Belgium comprises 565 municipalities (gemeenten; communes; Gemeinden), 285 of them grouped into five provinces in Flanders and 261 others in five provinces in Wallonia, while the remaining 19 are in the Brussels Capital Region, which is not divided in provinces. In most cases, the municipalities are the smallest administrative subdivisions of Belgium, but in municipalities with more than 100,000 inhabitants, on the initiative of the local council, sub-municipal administrative entities with elected councils may be created. As such, only Antwerp, having over 500,000 inhabitants, became subdivided into ten districts (districten).

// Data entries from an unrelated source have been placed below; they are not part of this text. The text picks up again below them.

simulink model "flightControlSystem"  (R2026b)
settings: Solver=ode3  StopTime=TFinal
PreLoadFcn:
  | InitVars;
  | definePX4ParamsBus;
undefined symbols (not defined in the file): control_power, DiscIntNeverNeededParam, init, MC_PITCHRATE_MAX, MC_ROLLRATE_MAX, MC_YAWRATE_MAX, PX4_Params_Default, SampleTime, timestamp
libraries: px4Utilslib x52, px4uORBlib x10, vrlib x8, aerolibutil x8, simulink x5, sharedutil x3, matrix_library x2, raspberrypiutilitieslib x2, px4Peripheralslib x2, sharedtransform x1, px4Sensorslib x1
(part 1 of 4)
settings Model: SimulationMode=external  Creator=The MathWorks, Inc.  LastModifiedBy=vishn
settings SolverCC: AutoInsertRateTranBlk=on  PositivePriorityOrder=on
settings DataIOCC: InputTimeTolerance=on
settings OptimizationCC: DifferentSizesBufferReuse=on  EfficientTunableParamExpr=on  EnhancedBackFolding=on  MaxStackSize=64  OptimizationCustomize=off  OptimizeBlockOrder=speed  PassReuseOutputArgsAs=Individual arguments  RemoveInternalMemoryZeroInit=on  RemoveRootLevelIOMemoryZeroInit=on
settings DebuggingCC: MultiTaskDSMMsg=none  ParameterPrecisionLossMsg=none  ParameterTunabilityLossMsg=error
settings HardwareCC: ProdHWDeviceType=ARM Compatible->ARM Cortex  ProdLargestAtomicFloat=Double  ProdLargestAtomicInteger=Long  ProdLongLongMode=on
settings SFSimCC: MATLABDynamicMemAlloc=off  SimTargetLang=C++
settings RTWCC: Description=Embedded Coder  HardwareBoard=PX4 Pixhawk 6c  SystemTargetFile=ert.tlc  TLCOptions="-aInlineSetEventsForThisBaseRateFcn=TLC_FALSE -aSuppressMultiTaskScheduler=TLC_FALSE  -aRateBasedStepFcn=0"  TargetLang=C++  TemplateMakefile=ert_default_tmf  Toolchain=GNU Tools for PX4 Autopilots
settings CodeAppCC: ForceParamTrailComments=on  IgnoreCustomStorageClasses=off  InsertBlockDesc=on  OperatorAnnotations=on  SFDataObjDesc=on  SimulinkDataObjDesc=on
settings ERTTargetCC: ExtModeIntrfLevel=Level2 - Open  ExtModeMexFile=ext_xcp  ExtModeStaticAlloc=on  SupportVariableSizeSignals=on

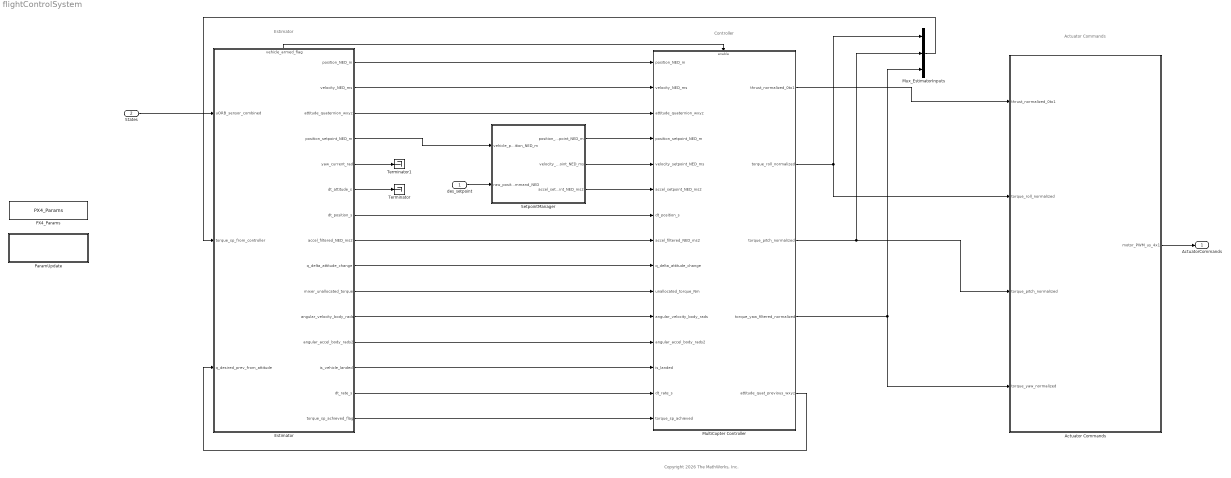
== system flightControlSystem ==
  note: Actuator Commands
  note: Estimator
  note: Controller
  note: Copyright 2026 The MathWorks, Inc.
  des_setpoint : Inport  OutDataTypeStr=Bus: desiredTargetSetpoints
  States : Inport  Port=2  OutDataTypeStr=Bus: UAVStatesBus
  Actuator Commands : Subsystem  Variant=on
  Estimator : Subsystem  Variant=on
      settings: PortSchema="{\"entries\":[{\"content\":{\"sides\":[{\"content\":{\"connectorIds\":[\"In1\",\"In2\",\"In3\"]},\"type\":\"ConnectorPlacement.EquallySpacedRectSide\",\"uuid\":\"982d90d8-ff1f-4cb9-8e33-8baf717922ad\"},{\"content\":{\"connectorIds\":[\"Out1\",\"Out2\",\"Out3\",\"Out4\",\"Out5\",\"Out6\",\"Out7\",\"Out8\",\"Out9\",\"Out10\",\"Out11\",\"Out12\",\"Out13\",\"Out14\",\"Out15\"],\"side\":\"RIGHT\"},\"type\":\"ConnectorPlacement.EquallySpacedRectSide\",\"uuid\":\"20bc02a1-8188-433b-a626-e8822f00966c\"},{\"content\":{\"connectorIds\":[\"Out16\"],\"side\":\"TOP\"},\"type\":\"ConnectorPlacement.EquallySpacedRectSide\",\"uuid\":\"edaeaf83-210e-410d-8d39-7cda3629118d\"}]},\"type\":\"ConnectorPlacement.EquallySpacedConnector\",\"uuid\":\"c0d6638f-6096-4882-ba89-b56950bc4adf\"}],\"packageUris\":[\"http://schema.mathworks.com/mf0/Connector/R2020b\"],\"version\":\"1.0\"}"
  MultiCopter Controller : Subsystem
  Mux_EstimatorInputs : Mux  Inputs=3
  PX4_Params : DataStoreMemory  DataStoreName=PX4_Params  WriteAfterWriteMsg=warning  InitialValue=PX4_Params_Default  ShowAdditionalParam=off  OutDataTypeStr=Bus: PX4_Params_Bus
  ParamUpdate : Subsystem  TreatAsAtomicUnit=on  Variant=on
  SetpointManager : Subsystem  Variant=on
  Terminator : Terminator
  Terminator1 : Terminator
  ActuatorCommands : Outport  OutDataTypeStr=Bus: setPWMInput
  wires:
  MultiCopter Controller/2(torque_roll_normalized) -> Actuator Commands/2(torque_roll_normalized), Mux_EstimatorInputs/1
  MultiCopter Controller/1(thrust_normalized_0to1) -> Actuator Commands/1(thrust_normalized_0to1)
  Estimator/11(angular_velocity_body_rads) -> MultiCopter Controller/11(angular_velocity_body_rads)
  MultiCopter Controller/4(torque_yaw_filtered_normalized) -> Mux_EstimatorInputs/3, Actuator Commands/4(torque_yaw_normalized)
  Estimator/3(attitude_quaternion_wxyz) -> MultiCopter Controller/3(attitude_quaternion_wxyz)
  MultiCopter Controller/5(attitude_quat_previous_wxyz) -> Estimator/3(q_desired_prev_from_attitude)
  SetpointManager/3(accel_setpoint_NED_ms2) -> MultiCopter Controller/6(accel_setpoint_NED_ms2)
  MultiCopter Controller/3(torque_pitch_normalized) -> Actuator Commands/3(torque_pitch_normalized), Mux_EstimatorInputs/2
  Estimator/10(mixer_unallocated_torque) -> MultiCopter Controller/10(unallocated_torque_Nm)
  Estimator/12(angular_accel_body_rads2) -> MultiCopter Controller/12(angular_accel_body_rads2)
  Mux_EstimatorInputs/1 -> Estimator/2(torque_sp_from_controller)
  Estimator/7(dt_position_s) -> MultiCopter Controller/7(dt_position_s)
  SetpointManager/1(position_setpoint_NED_m) -> MultiCopter Controller/4(position_setpoint_NED_m)
  Estimator/2(velocity_NED_ms) -> MultiCopter Controller/2(velocity_NED_ms)
  Estimator/8(accel_filtered_NED_ms2) -> MultiCopter Controller/8(accel_filtered_NED_ms2)
  Estimator/5(yaw_current_rad) -> Terminator1/1
  Estimator/6(dt_attitude_s) -> Terminator/1
  States/1 -> Estimator/1(uORB_sensor_combined)
  Actuator Commands/1(motor_PWM_us_4x1) -> ActuatorCommands/1
  Estimator/13(is_vehicle_landed) -> MultiCopter Controller/13(is_landed)
  SetpointManager/2(velocity_setpoint_NED_ms) -> MultiCopter Controller/5(velocity_setpoint_NED_ms)
  Estimator/4(position_setpoint_NED_m) -> SetpointManager/1(vehicle_position_NED_m)
  Estimator/1(position_NED_m) -> MultiCopter Controller/1(position_NED_m)
  Estimator/9(q_delta_attitude_change) -> MultiCopter Controller/9(q_delta_attitude_change)
  Estimator/16(vehicle_armed_flag) -> MultiCopter Controller/Enable
  Estimator/14(dt_rate_s) -> MultiCopter Controller/14(dt_rate_s)
  Estimator/15(torque_sp_achieved_flag) -> MultiCopter Controller/15(torque_sp_achieved)
  des_setpoint/1 -> SetpointManager/2(raw_position_command_NED)

== system flightControlSystem/Actuator Commands ==
  note: Simulation = true:
      | The subsystem processes the tau and thrust signals, computes the multicopter mixers, and generates the PWM signals required by the plant for closed-loop simulation.
      |
      | Simulation = false:
      | The subsystem processes the tau and thrust signals output from the controller and publishes them to the Torque and Thrust block. The PX4 mixer then computes the required outputs based on the selected multicopter configuration for flight operations.
  thrust_normalized_0to1 : Inport
  torque_roll_normalized : Inport  Port=2
  torque_pitch_normalized : Inport  Port=3
  torque_yaw_normalized : Inport  Port=4
  Actuator Commands : Subsystem  VariantControl=Simulation == false
  Simulation Actuator Commands : Subsystem  VariantControl=Simulation == true
  motor_PWM_us_4x1 : Outport

== system flightControlSystem/Estimator ==
  note: Simulation = true:
      | The subsystem provides the required estimator values from the 6-DoF Dynamics feedback for closed-loop simulation with the controller.
      |
      | Simulation = false:
      | The subsystem reads the required PX4 estimator values for the flight controller from the uOrb block.
  uORB_sensor_combined : Inport
  torque_sp_from_controller : Inport  Port=2
  q_desired_prev_from_attitude : Inport  Port=3
  Estimator : Subsystem  VariantControl=Simulation == false
  Simulation Estimator : Subsystem  VariantControl=Simulation == true
  position_NED_m : Outport
  velocity_NED_ms : Outport  Port=2
  attitude_quaternion_wxyz : Outport  Port=3
  position_setpoint_NED_m : Outport  Port=4
  yaw_current_rad : Outport  Port=5
  dt_attitude_s : Outport  Port=6
  dt_position_s : Outport  Port=7
  accel_filtered_NED_ms2 : Outport  Port=8
  q_delta_attitude_change : Outport  Port=9
  mixer_unallocated_torque : Outport  Port=10
  angular_velocity_body_rads : Outport  Port=11
  angular_accel_body_rads2 : Outport  Port=12
  is_vehicle_landed : Outport  Port=13
  dt_rate_s : Outport  Port=14
  torque_sp_achieved_flag : Outport  Port=15
  vehicle_armed_flag : Outport  Port=16

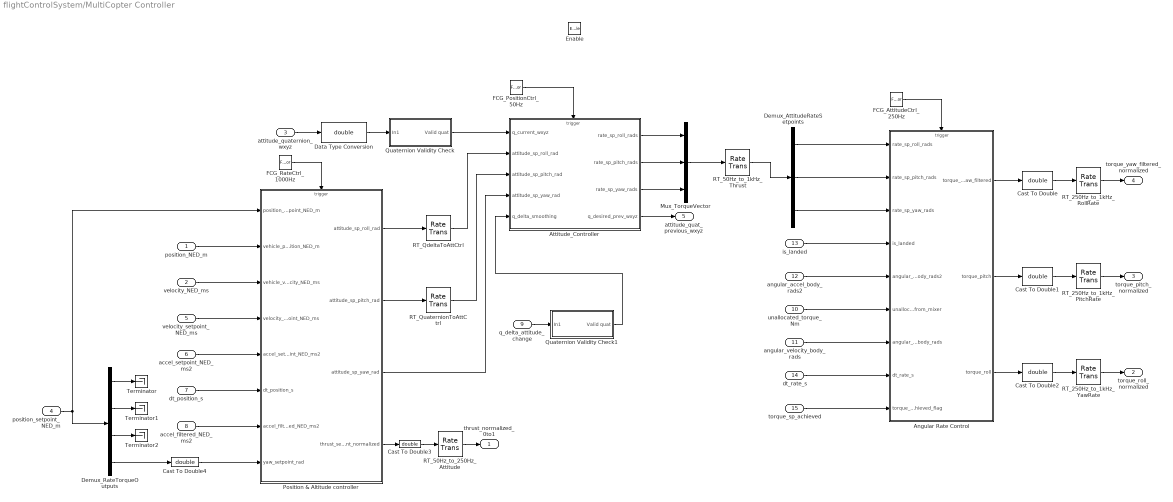
== system flightControlSystem/MultiCopter Controller ==
  position_NED_m : Inport
  velocity_NED_ms : Inport  Port=2
  attitude_quaternion_wxyz : Inport  Port=3
  position_setpoint_NED_m : Inport  Port=4
  velocity_setpoint_NED_ms : Inport  Port=5
  accel_setpoint_NED_ms2 : Inport  Port=6
  dt_position_s : Inport  Port=7
  accel_filtered_NED_ms2 : Inport  Port=8
  q_delta_attitude_change : Inport  Port=9
  unallocated_torque_Nm : Inport  Port=10
  angular_velocity_body_rads : Inport  Port=11
  angular_accel_body_rads2 : Inport  Port=12
  is_landed : Inport  Port=13
  dt_rate_s : Inport  Port=14
  torque_sp_achieved : Inport  Port=15
  Enable : EnablePort
  Angular Rate Control : Subsystem
  Attitude_Controller : Subsystem
  Cast To Double{,1..4} (5 alike) : DataTypeConversion  OutDataTypeStr=double  SaturateOnIntegerOverflow=off  RndMeth=Floor
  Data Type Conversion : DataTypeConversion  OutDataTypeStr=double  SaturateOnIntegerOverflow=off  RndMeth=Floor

The Belgian arrondissements (arrondissementen; arrondissements; Bezirke), an administrative level between province (or the capital region) and municipality, or the lowest judicial level, are in English sometimes called districts as well.

== Lists of municipalities ==
Here are three lists of municipalities for each one of the three regions:

- List of municipalities of the Brussels-Capital Region (19 municipalities)
- List of municipalities of the Flemish Region (285 municipalities)
- List of municipalities in Wallonia (261 municipalities)

== History ==
=== Before 1830 ===

The municipalities, as an administrative division, were officially created in 1795, when the Directoire reorganised the structures of the Ancien Régime. The municipalities with less than 5,000 inhabitants were grouped in so-called canton municipalities. In 1800, these canton municipalities were abolished again and the number of autonomous municipalities became 2,776.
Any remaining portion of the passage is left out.